* [How to complete this task] For the listing that follows, give again exactly the lines from the one with "[x] Nebra NBR-0094" to the one with "Les signaux marqués", including both.
----- Input
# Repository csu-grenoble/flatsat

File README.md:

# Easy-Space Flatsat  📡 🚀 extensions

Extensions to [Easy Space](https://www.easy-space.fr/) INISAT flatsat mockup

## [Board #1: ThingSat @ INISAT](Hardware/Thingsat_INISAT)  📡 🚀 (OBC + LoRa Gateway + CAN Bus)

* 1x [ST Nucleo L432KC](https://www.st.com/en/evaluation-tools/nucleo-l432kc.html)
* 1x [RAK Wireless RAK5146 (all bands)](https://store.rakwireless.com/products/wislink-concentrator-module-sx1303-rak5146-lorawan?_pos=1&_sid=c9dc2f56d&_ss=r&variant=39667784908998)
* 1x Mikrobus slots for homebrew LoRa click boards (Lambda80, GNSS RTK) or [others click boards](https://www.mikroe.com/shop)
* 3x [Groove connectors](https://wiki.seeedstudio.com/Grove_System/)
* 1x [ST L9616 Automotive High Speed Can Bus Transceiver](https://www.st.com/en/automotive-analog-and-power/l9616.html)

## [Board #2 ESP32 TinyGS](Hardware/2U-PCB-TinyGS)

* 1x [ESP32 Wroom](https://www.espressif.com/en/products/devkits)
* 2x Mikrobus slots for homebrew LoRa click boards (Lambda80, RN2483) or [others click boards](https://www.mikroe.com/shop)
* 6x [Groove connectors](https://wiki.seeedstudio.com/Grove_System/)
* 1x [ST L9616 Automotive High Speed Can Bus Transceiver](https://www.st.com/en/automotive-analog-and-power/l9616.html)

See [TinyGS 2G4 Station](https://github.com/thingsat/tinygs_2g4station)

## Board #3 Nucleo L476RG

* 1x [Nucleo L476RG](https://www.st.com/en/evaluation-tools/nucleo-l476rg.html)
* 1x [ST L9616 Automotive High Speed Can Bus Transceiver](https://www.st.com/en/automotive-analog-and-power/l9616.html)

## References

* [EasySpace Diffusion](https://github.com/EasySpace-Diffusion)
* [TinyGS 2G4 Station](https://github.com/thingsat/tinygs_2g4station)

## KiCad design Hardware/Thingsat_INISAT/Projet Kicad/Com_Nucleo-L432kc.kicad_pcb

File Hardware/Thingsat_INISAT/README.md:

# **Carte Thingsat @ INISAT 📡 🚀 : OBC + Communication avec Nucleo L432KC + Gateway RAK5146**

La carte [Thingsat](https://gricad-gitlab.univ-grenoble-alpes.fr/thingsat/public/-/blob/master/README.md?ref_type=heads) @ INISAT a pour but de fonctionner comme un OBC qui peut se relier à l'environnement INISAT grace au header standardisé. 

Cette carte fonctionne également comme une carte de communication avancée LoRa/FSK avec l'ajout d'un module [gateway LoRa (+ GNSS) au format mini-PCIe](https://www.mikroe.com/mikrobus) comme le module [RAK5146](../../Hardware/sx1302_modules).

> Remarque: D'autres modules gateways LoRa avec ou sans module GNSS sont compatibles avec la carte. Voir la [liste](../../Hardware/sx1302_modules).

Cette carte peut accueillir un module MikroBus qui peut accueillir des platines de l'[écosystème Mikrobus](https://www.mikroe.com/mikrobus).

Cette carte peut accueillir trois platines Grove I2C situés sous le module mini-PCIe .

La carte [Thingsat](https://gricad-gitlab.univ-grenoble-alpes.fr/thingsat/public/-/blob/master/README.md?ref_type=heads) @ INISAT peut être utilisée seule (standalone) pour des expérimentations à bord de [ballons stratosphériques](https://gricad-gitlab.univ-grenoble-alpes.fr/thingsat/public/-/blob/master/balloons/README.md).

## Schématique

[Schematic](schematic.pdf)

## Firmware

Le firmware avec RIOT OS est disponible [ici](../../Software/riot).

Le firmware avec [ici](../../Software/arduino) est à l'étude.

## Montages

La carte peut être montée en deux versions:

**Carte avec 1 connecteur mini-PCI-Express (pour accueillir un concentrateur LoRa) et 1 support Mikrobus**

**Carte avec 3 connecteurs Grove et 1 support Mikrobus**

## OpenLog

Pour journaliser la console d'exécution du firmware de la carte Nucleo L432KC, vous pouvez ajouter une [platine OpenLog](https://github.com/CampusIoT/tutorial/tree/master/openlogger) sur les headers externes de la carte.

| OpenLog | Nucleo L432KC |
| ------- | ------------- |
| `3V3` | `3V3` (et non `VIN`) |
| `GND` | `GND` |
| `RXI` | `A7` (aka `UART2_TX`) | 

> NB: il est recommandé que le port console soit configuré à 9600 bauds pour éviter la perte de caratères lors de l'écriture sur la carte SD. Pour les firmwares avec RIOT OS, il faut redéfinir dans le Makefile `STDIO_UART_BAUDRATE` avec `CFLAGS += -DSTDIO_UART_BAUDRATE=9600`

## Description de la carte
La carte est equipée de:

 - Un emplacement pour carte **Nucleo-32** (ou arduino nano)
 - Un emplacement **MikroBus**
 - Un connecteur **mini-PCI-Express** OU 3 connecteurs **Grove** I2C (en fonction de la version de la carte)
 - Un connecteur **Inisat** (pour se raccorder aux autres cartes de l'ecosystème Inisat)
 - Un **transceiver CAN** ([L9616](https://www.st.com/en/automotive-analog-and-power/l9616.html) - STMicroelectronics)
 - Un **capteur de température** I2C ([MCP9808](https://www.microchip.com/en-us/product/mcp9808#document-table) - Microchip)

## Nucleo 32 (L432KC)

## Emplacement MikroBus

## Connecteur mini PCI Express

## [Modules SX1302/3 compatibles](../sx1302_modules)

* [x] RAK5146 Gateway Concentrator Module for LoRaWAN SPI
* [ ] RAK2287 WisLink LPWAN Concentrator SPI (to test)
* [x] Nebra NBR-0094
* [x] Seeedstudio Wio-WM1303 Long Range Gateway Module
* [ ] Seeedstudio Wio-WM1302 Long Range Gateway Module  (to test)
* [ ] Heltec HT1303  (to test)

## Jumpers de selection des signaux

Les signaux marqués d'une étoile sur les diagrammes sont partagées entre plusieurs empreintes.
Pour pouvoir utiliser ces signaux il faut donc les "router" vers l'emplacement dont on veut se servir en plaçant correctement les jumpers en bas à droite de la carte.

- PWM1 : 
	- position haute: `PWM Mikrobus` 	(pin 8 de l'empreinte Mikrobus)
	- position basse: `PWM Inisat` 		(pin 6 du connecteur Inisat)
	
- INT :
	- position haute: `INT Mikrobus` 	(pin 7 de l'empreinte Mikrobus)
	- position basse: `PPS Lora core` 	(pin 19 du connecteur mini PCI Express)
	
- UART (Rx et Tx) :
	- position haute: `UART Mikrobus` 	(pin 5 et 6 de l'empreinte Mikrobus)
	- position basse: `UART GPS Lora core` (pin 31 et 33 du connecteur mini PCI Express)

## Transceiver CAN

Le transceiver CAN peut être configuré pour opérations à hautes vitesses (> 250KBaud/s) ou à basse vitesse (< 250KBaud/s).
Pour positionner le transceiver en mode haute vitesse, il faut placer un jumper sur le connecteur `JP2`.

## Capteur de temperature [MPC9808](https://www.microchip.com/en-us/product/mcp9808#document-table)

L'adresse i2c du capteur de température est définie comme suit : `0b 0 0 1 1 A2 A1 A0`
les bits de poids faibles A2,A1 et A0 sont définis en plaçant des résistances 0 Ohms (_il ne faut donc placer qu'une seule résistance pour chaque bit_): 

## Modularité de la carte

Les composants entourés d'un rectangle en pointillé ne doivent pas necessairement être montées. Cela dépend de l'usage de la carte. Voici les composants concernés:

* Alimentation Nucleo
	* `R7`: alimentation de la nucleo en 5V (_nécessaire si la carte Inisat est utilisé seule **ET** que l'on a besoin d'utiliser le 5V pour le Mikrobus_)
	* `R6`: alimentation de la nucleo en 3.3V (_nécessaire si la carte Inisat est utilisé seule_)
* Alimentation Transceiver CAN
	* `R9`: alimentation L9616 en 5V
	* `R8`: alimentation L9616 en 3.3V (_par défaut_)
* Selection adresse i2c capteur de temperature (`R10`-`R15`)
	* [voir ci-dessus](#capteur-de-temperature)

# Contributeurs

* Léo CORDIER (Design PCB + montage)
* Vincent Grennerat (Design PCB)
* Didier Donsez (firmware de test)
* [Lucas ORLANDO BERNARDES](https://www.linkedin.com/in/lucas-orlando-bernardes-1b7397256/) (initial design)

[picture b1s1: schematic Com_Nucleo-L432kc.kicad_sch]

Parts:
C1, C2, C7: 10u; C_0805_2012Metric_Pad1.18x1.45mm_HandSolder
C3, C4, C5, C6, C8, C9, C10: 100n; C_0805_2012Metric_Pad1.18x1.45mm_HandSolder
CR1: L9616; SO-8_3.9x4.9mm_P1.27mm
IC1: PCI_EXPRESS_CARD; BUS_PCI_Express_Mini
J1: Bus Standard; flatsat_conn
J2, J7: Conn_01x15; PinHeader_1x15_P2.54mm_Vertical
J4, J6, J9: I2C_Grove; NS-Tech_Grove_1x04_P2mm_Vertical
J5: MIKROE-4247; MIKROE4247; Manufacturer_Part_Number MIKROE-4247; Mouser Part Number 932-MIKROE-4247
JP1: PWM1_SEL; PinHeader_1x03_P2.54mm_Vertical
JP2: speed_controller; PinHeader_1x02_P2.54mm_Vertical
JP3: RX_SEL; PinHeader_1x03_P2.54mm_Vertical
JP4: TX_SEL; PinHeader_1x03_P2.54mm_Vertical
----------
* [Solution for this task]
* [x] Nebra NBR-0094
* [x] Seeedstudio Wio-WM1303 Long Range Gateway Module
* [ ] Seeedstudio Wio-WM1302 Long Range Gateway Module  (to test)
* [ ] Heltec HT1303  (to test)

## Jumpers de selection des signaux

Les signaux marqués d'une étoile sur les diagrammes sont partagées entre plusieurs empreintes.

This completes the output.